Data Quality can conceptually be split into multiple stages that present how data quality operations typically flow.
These stages present a conceptual flow of events that help to categories various DQ capabilities. They do not necessarily reflect the sequence in which DQ capabilities are implemented. Usually elements across all 4 stages need to be in place to provide operational DQ capabilities.
- Define includes numerous capabilities around establishing DQ benchmarks / rules, which breaks down into manual and automated DQ rules definition, DQ rules deployment, and DQ rules governance.
- Measure includes processes that measure data against predefined DQ benchmarks/rules. These processes need to be efficient, scalable and easy to manage (ideally transparent) for users. This stage also covers defining how DQ measurement is deployed in data environments.
- Observe includes capturing DQ measurement outputs and making them accessible and useful for users.

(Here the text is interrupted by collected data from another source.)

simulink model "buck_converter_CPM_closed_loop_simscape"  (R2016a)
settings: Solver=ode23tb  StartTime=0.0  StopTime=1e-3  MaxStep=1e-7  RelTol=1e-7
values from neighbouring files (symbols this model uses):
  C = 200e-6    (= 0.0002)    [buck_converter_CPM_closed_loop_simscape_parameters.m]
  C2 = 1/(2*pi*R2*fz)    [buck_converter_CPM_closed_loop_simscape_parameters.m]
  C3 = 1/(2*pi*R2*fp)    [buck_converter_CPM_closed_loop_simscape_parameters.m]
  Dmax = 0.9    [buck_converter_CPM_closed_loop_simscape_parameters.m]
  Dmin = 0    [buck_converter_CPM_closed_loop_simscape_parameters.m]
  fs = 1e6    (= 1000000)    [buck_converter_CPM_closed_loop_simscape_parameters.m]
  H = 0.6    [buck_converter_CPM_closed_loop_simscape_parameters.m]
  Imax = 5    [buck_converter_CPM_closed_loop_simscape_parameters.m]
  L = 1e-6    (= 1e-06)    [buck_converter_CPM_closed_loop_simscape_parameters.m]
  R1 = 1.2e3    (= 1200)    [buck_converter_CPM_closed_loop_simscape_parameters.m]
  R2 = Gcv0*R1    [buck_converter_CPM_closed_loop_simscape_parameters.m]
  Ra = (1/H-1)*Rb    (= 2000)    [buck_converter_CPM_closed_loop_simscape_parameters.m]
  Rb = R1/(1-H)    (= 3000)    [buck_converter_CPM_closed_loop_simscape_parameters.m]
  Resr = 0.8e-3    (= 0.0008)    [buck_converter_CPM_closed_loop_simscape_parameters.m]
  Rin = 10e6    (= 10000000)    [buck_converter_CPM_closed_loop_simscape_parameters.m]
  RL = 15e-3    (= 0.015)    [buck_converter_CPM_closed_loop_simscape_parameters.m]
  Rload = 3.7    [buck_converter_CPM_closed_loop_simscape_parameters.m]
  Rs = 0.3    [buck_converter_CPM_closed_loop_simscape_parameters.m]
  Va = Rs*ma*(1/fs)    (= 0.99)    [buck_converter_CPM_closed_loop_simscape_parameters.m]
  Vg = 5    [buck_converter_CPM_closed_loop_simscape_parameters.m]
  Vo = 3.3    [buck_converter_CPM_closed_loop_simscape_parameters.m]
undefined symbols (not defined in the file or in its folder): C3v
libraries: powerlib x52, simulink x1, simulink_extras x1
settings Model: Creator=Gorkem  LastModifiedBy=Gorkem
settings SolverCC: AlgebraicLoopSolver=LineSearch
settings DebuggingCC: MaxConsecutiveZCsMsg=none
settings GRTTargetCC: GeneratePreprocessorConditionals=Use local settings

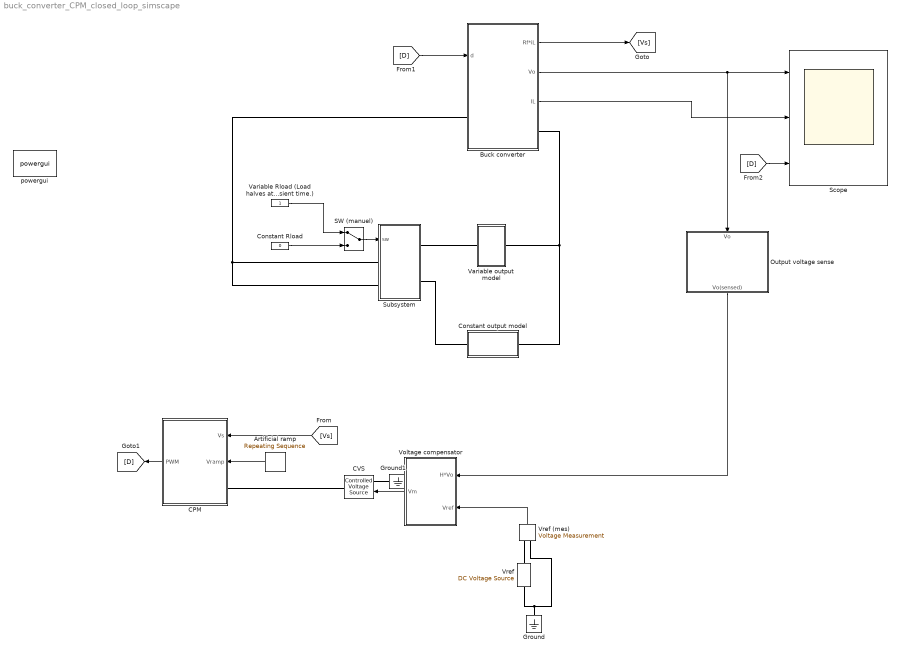
== system buck_converter_CPM_closed_loop_simscape ==
  Artificial ramp : simulink/Sources/Repeating Sequence  rep_seq_t=[0 0.999/fs 1/fs]  rep_seq_y=[0 Va 0]
  Buck converter : Subsystem
  CPM : Subsystem
  CVS : powerlib/Electrical Sources/Controlled Voltage Source  Initialize=off  Source_Type=AC  Amplitude=0  Phase=0  Frequency=0  Measurements=Voltage
  Constant Rload : Constant  Value=0
  Constant output model : Subsystem
  Ground : powerlib/Elements/Ground  LConnTagsString=a
  Ground1 : powerlib/Elements/Ground  LConnTagsString=a
  Output voltage sense : Subsystem
  SW (manuel) : ManualSwitch
  Scope : Scope  NumInputPorts=3
  Subsystem : Subsystem
  Variable Rload (Load halves at first and then increased to 1.5 times the rated value during transient time.) : Constant
  Variable output model : Subsystem
  Voltage compensator : Subsystem
  Vref : powerlib/Electrical Sources/DC Voltage Source  Amplitude=H*Vo  Measurements=None
  Vref (mes) : powerlib/Measurements/Voltage Measurement  PhasorSimulation=off  OutputType=Complex  PSBequivalent=0
  powergui : powerlib/powergui  Priority=1  SimulationMode=Continuous  SolverType=Tustin/Backward Euler (TBE)  SampleTime=1e-10  frequency=60  SPID=off  DisableSnubberDevices=off  DisableRonSwitches=off  DisableVfSwitches=off  SwTol=0  DisplayEquations=off  Interpol=off  ExternalGateDelay=off  methode=off  Ts=10  FunctionMessages=off  echomessages=off  HookPort=off  EnableUseOfTLC=off  x0status=blocks  frequencyindice=0  Pbase=100e6  ErrMax=1e-4  Iterations=50  UnitsV=kV  UnitsW=MW  buscounter=0  RestoreLinks=warning  ResistiveCurrentMeasurement=off  Frange=[0:2:500]  Ylog=off  Xlog=on  ShowGrid=off  save=off  variable=ZData  structure=0  ZoomFFT=off  StartTime=0.0  cycles=1  DisplayStyle=1  fundamental=60  FreqAxis=off  MaxFrequency=1000  frequencyindicesteady=1  RmsSteady=1  display=off
  wires:
  Buck converter/2(Vo) -> Scope/1, Output voltage sense/1(Vo)
  Buck converter/3(IL) -> Scope/2
  Buck converter/1(Rf*iL) -> [Vs]
  [Vs] -> CPM/1(Vs)
  Artificial ramp/1 -> CPM/2(Vramp)
  Output voltage sense/1(Vo(sensed)) -> Voltage compensator/1(H*Vo)
  Vref (mes)/1 -> Voltage compensator/2(Vref)
  Voltage compensator/1(Vm) -> CVS/1
  Variable Rload (Load halves at first and then increased to 1.5 times the rated value during transient time.)/1 -> SW (manuel)/1
  Constant Rload/1 -> SW (manuel)/2
  SW (manuel)/1 -> Subsystem/1(sw)
  CPM/1(PWM) -> [D]
  [D] -> Buck converter/1(d)
  [D] -> Scope/3
  connections:
  Vref (mes)/LConn1 -- Vref/RConn1
  Ground/LConn1 -- Vref (mes)/LConn2 -- Vref/LConn1
  Ground1/LConn1 -- CVS/LConn1
  CVS/RConn1 -- CPM/LConn1
  Variable output model/RConn1 -- Constant output model/LConn1 -- Buck converter/RConn1
  Subsystem/LConn1 -- Subsystem/LConn2 -- Buck converter/LConn1
  Variable output model/LConn1 -- Subsystem/RConn1
  Constant output model/RConn1 -- Subsystem/RConn2

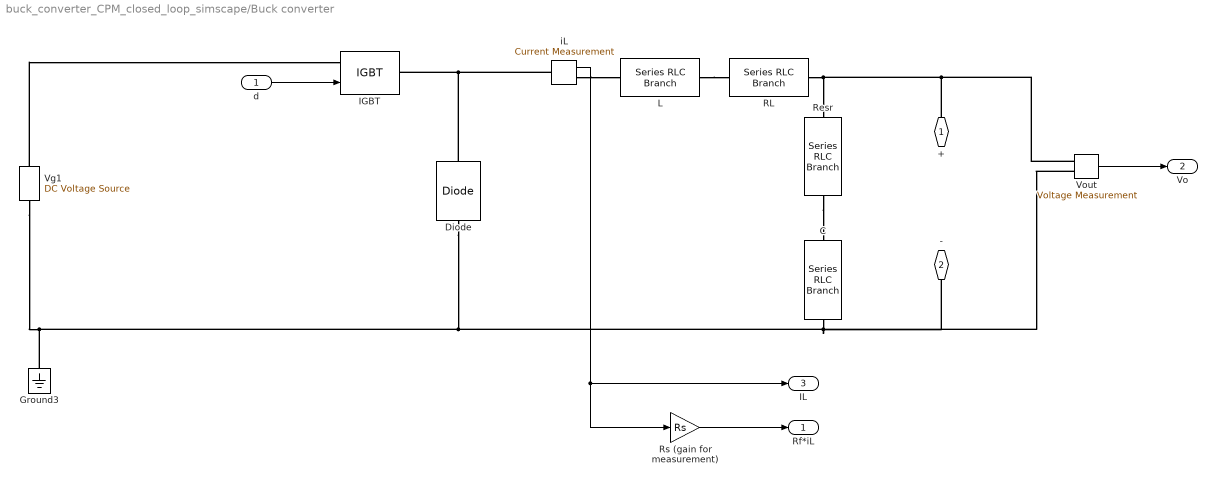
== system buck_converter_CPM_closed_loop_simscape/Buck converter ==
  d : Inport
  C : powerlib/Elements/Series RLC Branch  LConnTagsString=__new0  RConnTagsString=__new0  BranchType=C  Resistance=1  Inductance=L  SetiL0=off  InitialCurrent=0  Capacitance=C  Setx0=off  InitialVoltage=0  Measurements=None
  Diode : powerlib/Power Electronics/Diode  Ron=0.001  Lon=0  Vf=0.6  IC=0  UseSnubber=off  Rs=500  Cs=250e-9  Measurements=off
  Ground3 : powerlib/Elements/Ground  LConnTagsString=a
  IGBT : powerlib/Power Electronics/IGBT  Ron=0.001  Lon=0  Vf=0.5  Tf=1e-6  Tt=2e-6  IC=0  Rs=1e5  Cs=inf  Measurements=off
  L : powerlib/Elements/Series RLC Branch  LConnTagsString=__new0  RConnTagsString=__new0  BranchType=L  Resistance=1  Inductance=L  SetiL0=off  InitialCurrent=0  Capacitance=1e-6  Setx0=off  InitialVoltage=0  Measurements=None
  RL : powerlib/Elements/Series RLC Branch  LConnTagsString=__new0  RConnTagsString=__new0  BranchType=R  Resistance=RL  Inductance=L  SetiL0=off  InitialCurrent=0  Capacitance=C  Setx0=off  InitialVoltage=0  Measurements=None
  Resr : powerlib/Elements/Series RLC Branch  LConnTagsString=__new0  RConnTagsString=__new0  BranchType=R  Resistance=Resr  Inductance=L  SetiL0=off  InitialCurrent=0  Capacitance=C  Setx0=off  InitialVoltage=0  Measurements=None
  Rs (gain for measurement) : Gain  Gain=Rs
  Vg1 : powerlib/Electrical Sources/DC Voltage Source  Amplitude=Vg  Measurements=None
  Vout : powerlib/Measurements/Voltage Measurement  PhasorSimulation=off  OutputType=Complex  PSBequivalent=0
  iL : powerlib/Measurements/Current Measurement  PhasorSimulation=off  OutputType=Complex  PSBequivalent=0
  + : PMIOPort  Port=1  Side=Left
  - : PMIOPort  Port=2  Side=Right
  Rf*iL : Outport
  Vo : Outport  Port=2
  IL : Outport  Port=3
  wires:
  Rs (gain for measurement)/1 -> Rf*iL/1
  iL/1 -> IL/1, Rs (gain for measurement)/1
  Vout/1 -> Vo/1
  d/1 -> IGBT/1
  connections:
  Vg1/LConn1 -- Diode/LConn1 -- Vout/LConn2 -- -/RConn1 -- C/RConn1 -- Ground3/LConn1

This stage also includes identifying negative patterns in DQ outputs which would constitute issues and flagging them for subsequent troubleshooting.
- Troubleshoot includes addressing previously identified data issues, which includes capturing, communicating, prioritizing, escalating, and remediating them.
Google Cloud Data Quality
Data Quality on Google cloud is not an isolated capability, but it’s rather interconnected with a number of other processes and capabilities in the data space. Data Quality both depends on them and supports them.
Google cloud Dataplex enables Data governance on data platforms built using Google products and tools. Please go through Part 1and Part 2 to understand the core capabilities of Dataplex which is an intelligent data fabric that provides metadata-led data management with built-in data quality and governance so data practitioners spend less time wrestling with infrastructure boundaries and inefficiencies, trust the data at rest , and spend more time deriving value out of this data.
Data Quality is a key part of data governance that is enabled by Dataplex.
Dataplex enables Data Quality by a built-in Data Quality Task that can be used to define rules and execute across any of BigQuery or Google Cloud Storage (GCS) tables.
Data Quality Task in Dataplex provides efficient, scalable, and fully managed DQ validations in BigQuery and GCS for distributed deployment across data teams and assets.
For data quality validations Data Quality task uses CloudDQ open source engine developed by Google Professional Services Organization (here). These tasks can run on a scheduled basis or in an ad-hoc manner ,on serverless infrastructure managed by Dataplex.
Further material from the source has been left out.